_What the task asks_: Please retype the entries that follow exactly as they are, leaving the images behind.
Start of Block
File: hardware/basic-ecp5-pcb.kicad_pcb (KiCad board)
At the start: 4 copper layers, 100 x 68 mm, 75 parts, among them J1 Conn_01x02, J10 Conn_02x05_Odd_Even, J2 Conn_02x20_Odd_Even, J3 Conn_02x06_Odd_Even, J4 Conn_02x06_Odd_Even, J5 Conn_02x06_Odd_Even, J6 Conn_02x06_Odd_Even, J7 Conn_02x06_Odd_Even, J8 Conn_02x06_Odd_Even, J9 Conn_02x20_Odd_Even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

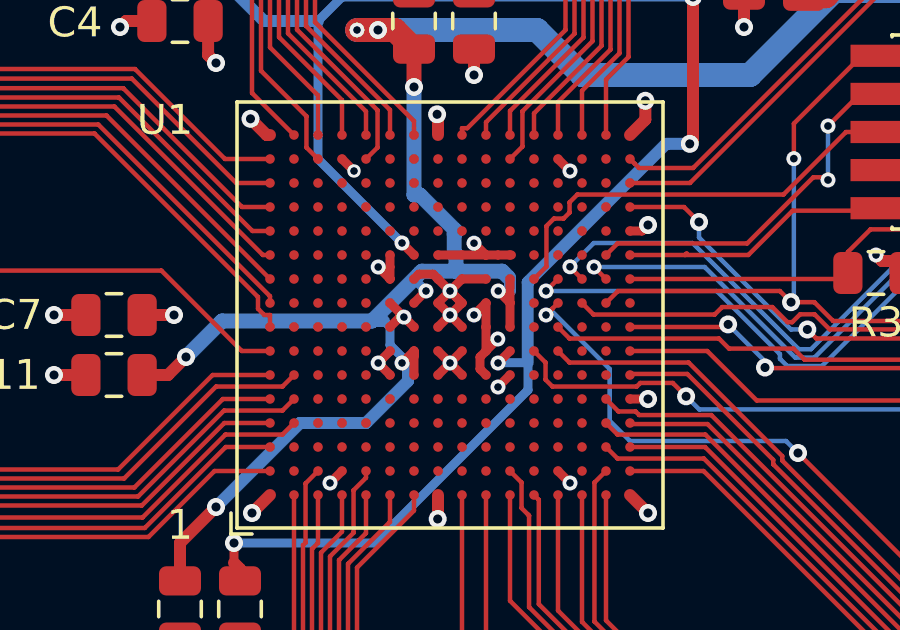
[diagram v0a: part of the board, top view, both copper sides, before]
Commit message: Fanout BGA center
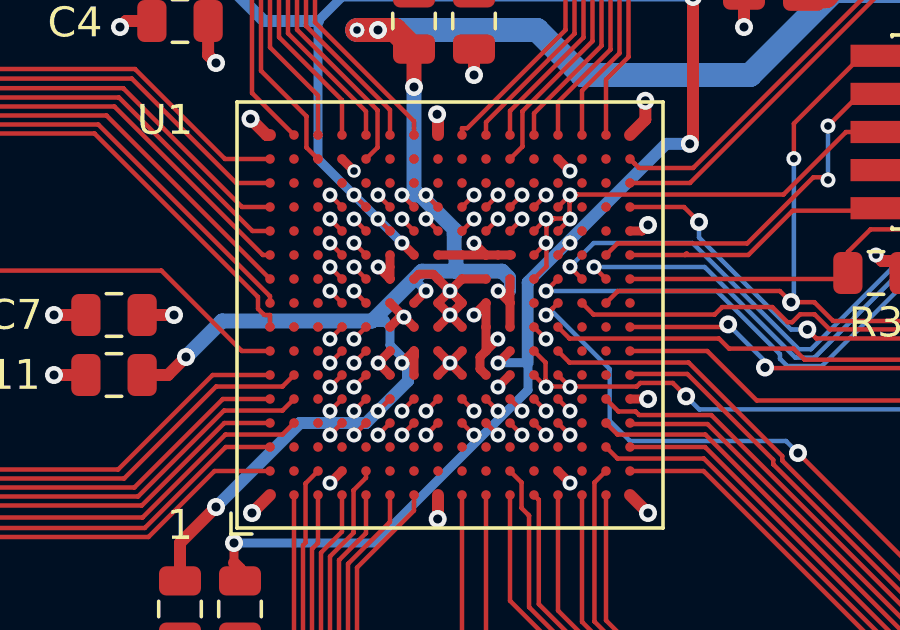
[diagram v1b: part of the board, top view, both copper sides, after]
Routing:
- net Net-(U1-PadN6): track 0.00 -> 0.57 mm, vias 0 -> 1
- net Net-(U1-PadN5): track 0.00 -> 0.57 mm, vias 0 -> 1
- net Net-(U1-PadN4): track 0.00 -> 0.57 mm, vias 0 -> 1
- net Net-(U1-PadN13): track 0.00 -> 0.57 mm, vias 0 -> 1
- net Net-(U1-PadN12): track 0.00 -> 0.57 mm, vias 0 -> 1
- net Net-(U1-PadN11): track 0.00 -> 0.57 mm, vias 0 -> 1
- net Net-(U1-PadM6): track 0.00 -> 0.57 mm, vias 0 -> 1
- net Net-(U1-PadM5): track 0.00 -> 0.57 mm, vias 0 -> 1
- net Net-(U1-PadM4): track 0.00 -> 0.57 mm, vias 0 -> 1
- net Net-(U1-PadM13): track 0.00 -> 0.57 mm, vias 0 -> 1
- net Net-(U1-PadM12): track 0.00 -> 0.57 mm, vias 0 -> 1
- net Net-(U1-PadM11): track 0.00 -> 0.57 mm, vias 0 -> 1
- net Net-(U1-PadL5): track 0.00 -> 0.57 mm, vias 0 -> 1
- net Net-(U1-PadL4): track 0.00 -> 0.57 mm, vias 0 -> 1
- net Net-(U1-PadL13): track 0.00 -> 0.57 mm, vias 0 -> 1
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
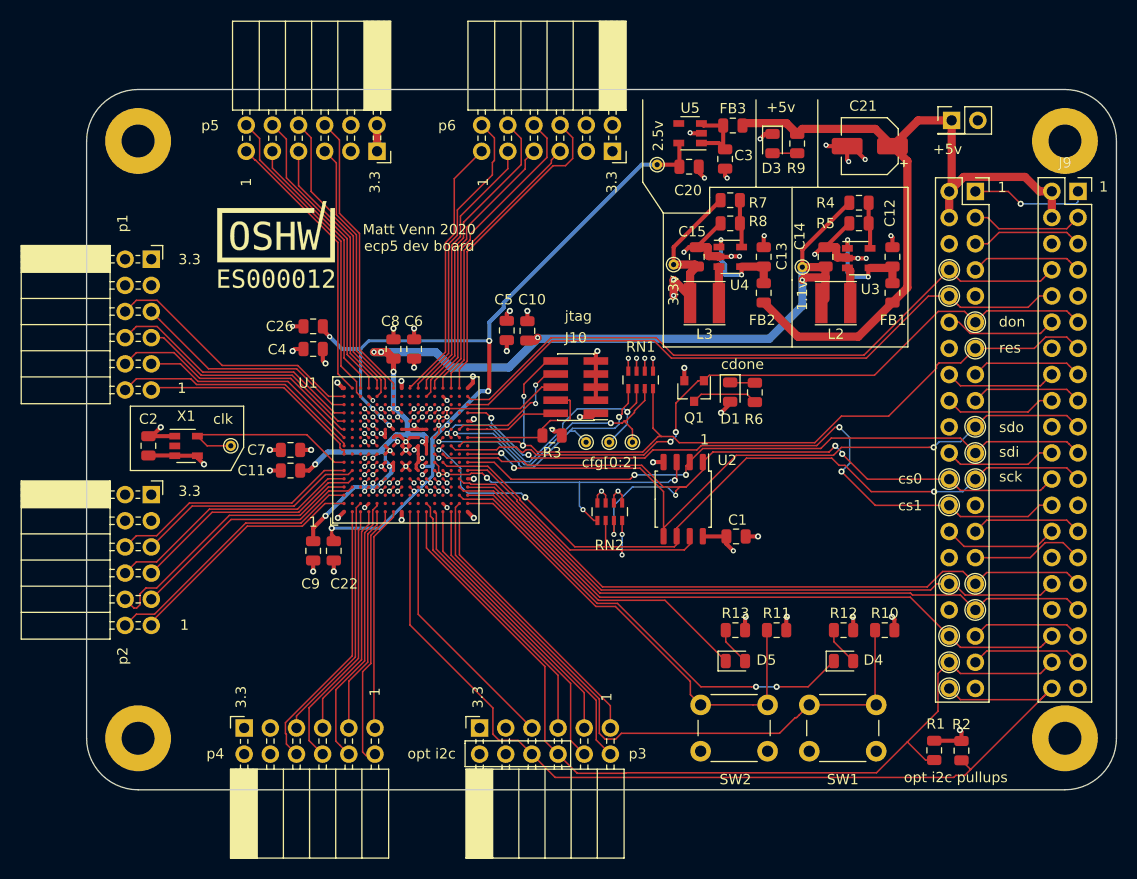
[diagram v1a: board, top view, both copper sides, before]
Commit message: Fanout BGA outer #1
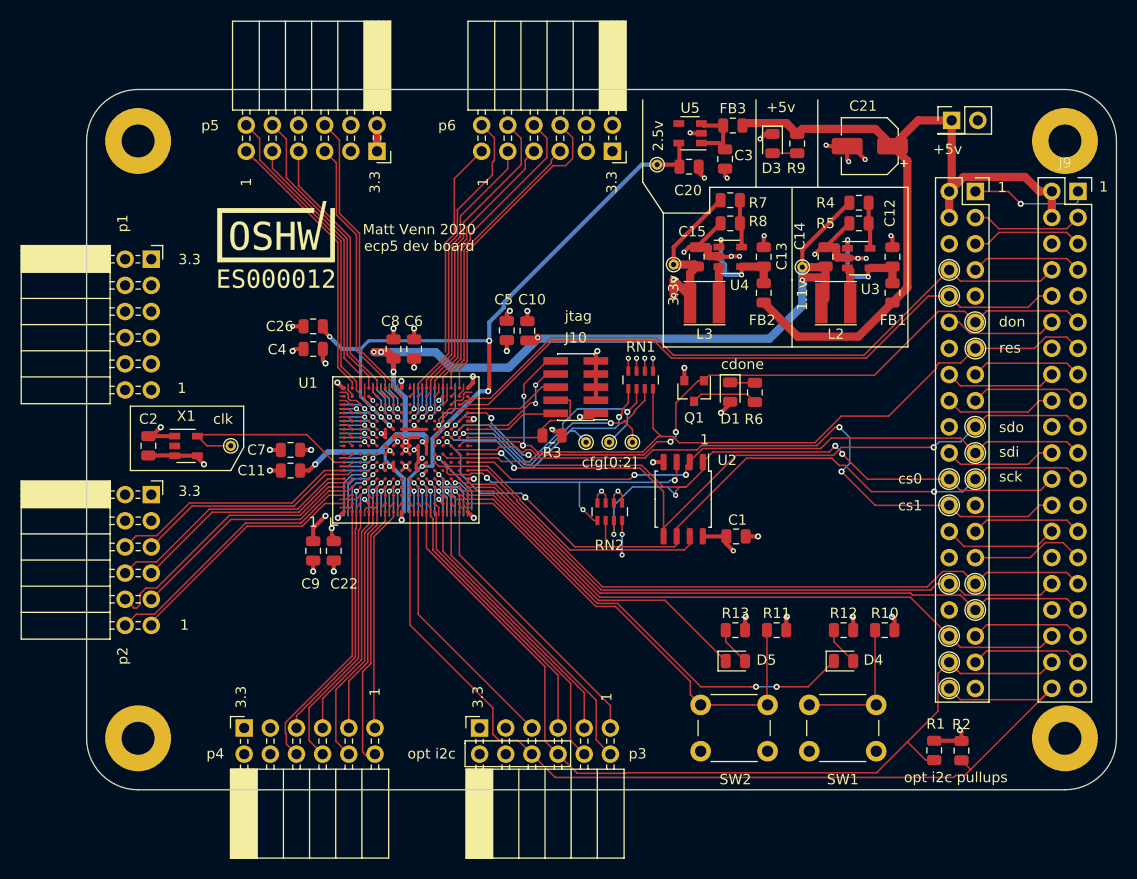
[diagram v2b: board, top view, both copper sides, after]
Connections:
- U1 pad E13: Net-(U1-PadE13) -> +2V5
- U1 pad F12: Net-(U1-PadF12) -> +2V5
- U1 pad N11: Net-(U1-PadN11) -> +2V5
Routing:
- net button1: track 64.1 -> 15.2 mm
- net p5_9: track 29.8 -> 1.37 mm
- net p1_10: track 25.6 -> 0.40 mm
- net p1_9: track 25.2 -> 0.40 mm
- net p1_8: track 24.8 -> 0.40 mm
- net p1_7: track 24.5 -> 0.40 mm
- net p1_4: track 22.5 -> 0.40 mm
- net p1_3: track 22.1 -> 0.40 mm
- net p1_1: track 22.0 -> 0.40 mm
- net p1_2: track 21.7 -> 0.40 mm
- net Net-(U1-PadM8): track 0.57 -> 6.89 mm
- net +2V5: track 87.2 -> 80.8 mm, vias 6 -> 9
- net Net-(U1-PadE6): track 0.57 -> 6.38 mm
- net Net-(U1-PadD6): track 0.57 -> 6.10 mm
- net +1V1: track 121.1 -> 115.8 mm
End of Block
_Result below_:
File: hardware/basic-ecp5-pcb.kicad_pcb (KiCad board)
At the start: 4 copper layers, 100 x 68 mm, 75 parts, among them J1 Conn_01x02, J10 Conn_02x05_Odd_Even, J2 Conn_02x20_Odd_Even, J3 Conn_02x06_Odd_Even, J4 Conn_02x06_Odd_Even, J5 Conn_02x06_Odd_Even, J6 Conn_02x06_Odd_Even, J7 Conn_02x06_Odd_Even, J8 Conn_02x06_Odd_Even, J9 Conn_02x20_Odd_Even

[diagram v0a: part of the board, top view, both copper sides, before]
Commit message: Fanout BGA center
[diagram v1b: part of the board, top view, both copper sides, after]
Routing:
- net Net-(U1-PadN6): track 0.00 -> 0.57 mm, vias 0 -> 1
- net Net-(U1-PadN5): track 0.00 -> 0.57 mm, vias 0 -> 1
- net Net-(U1-PadN4): track 0.00 -> 0.57 mm, vias 0 -> 1
- net Net-(U1-PadN13): track 0.00 -> 0.57 mm, vias 0 -> 1
- net Net-(U1-PadN12): track 0.00 -> 0.57 mm, vias 0 -> 1
- net Net-(U1-PadN11): track 0.00 -> 0.57 mm, vias 0 -> 1
- net Net-(U1-PadM6): track 0.00 -> 0.57 mm, vias 0 -> 1
- net Net-(U1-PadM5): track 0.00 -> 0.57 mm, vias 0 -> 1
- net Net-(U1-PadM4): track 0.00 -> 0.57 mm, vias 0 -> 1
- net Net-(U1-PadM13): track 0.00 -> 0.57 mm, vias 0 -> 1
- net Net-(U1-PadM12): track 0.00 -> 0.57 mm, vias 0 -> 1
- net Net-(U1-PadM11): track 0.00 -> 0.57 mm, vias 0 -> 1
- net Net-(U1-PadL5): track 0.00 -> 0.57 mm, vias 0 -> 1
- net Net-(U1-PadL4): track 0.00 -> 0.57 mm, vias 0 -> 1
- net Net-(U1-PadL13): track 0.00 -> 0.57 mm, vias 0 -> 1

[diagram v1a: board, top view, both copper sides, before]
Commit message: Fanout BGA outer #1
[diagram v2b: board, top view, both copper sides, after]
Connections:
- U1 pad E13: Net-(U1-PadE13) -> +2V5
- U1 pad F12: Net-(U1-PadF12) -> +2V5
- U1 pad N11: Net-(U1-PadN11) -> +2V5
Routing:
- net button1: track 64.1 -> 15.2 mm
- net p5_9: track 29.8 -> 1.37 mm
- net p1_10: track 25.6 -> 0.40 mm
- net p1_9: track 25.2 -> 0.40 mm
- net p1_8: track 24.8 -> 0.40 mm
- net p1_7: track 24.5 -> 0.40 mm
- net p1_4: track 22.5 -> 0.40 mm
- net p1_3: track 22.1 -> 0.40 mm
- net p1_1: track 22.0 -> 0.40 mm
- net p1_2: track 21.7 -> 0.40 mm
- net Net-(U1-PadM8): track 0.57 -> 6.89 mm
- net +2V5: track 87.2 -> 80.8 mm, vias 6 -> 9
- net Net-(U1-PadE6): track 0.57 -> 6.38 mm
- net Net-(U1-PadD6): track 0.57 -> 6.10 mm
- net +1V1: track 121.1 -> 115.8 mm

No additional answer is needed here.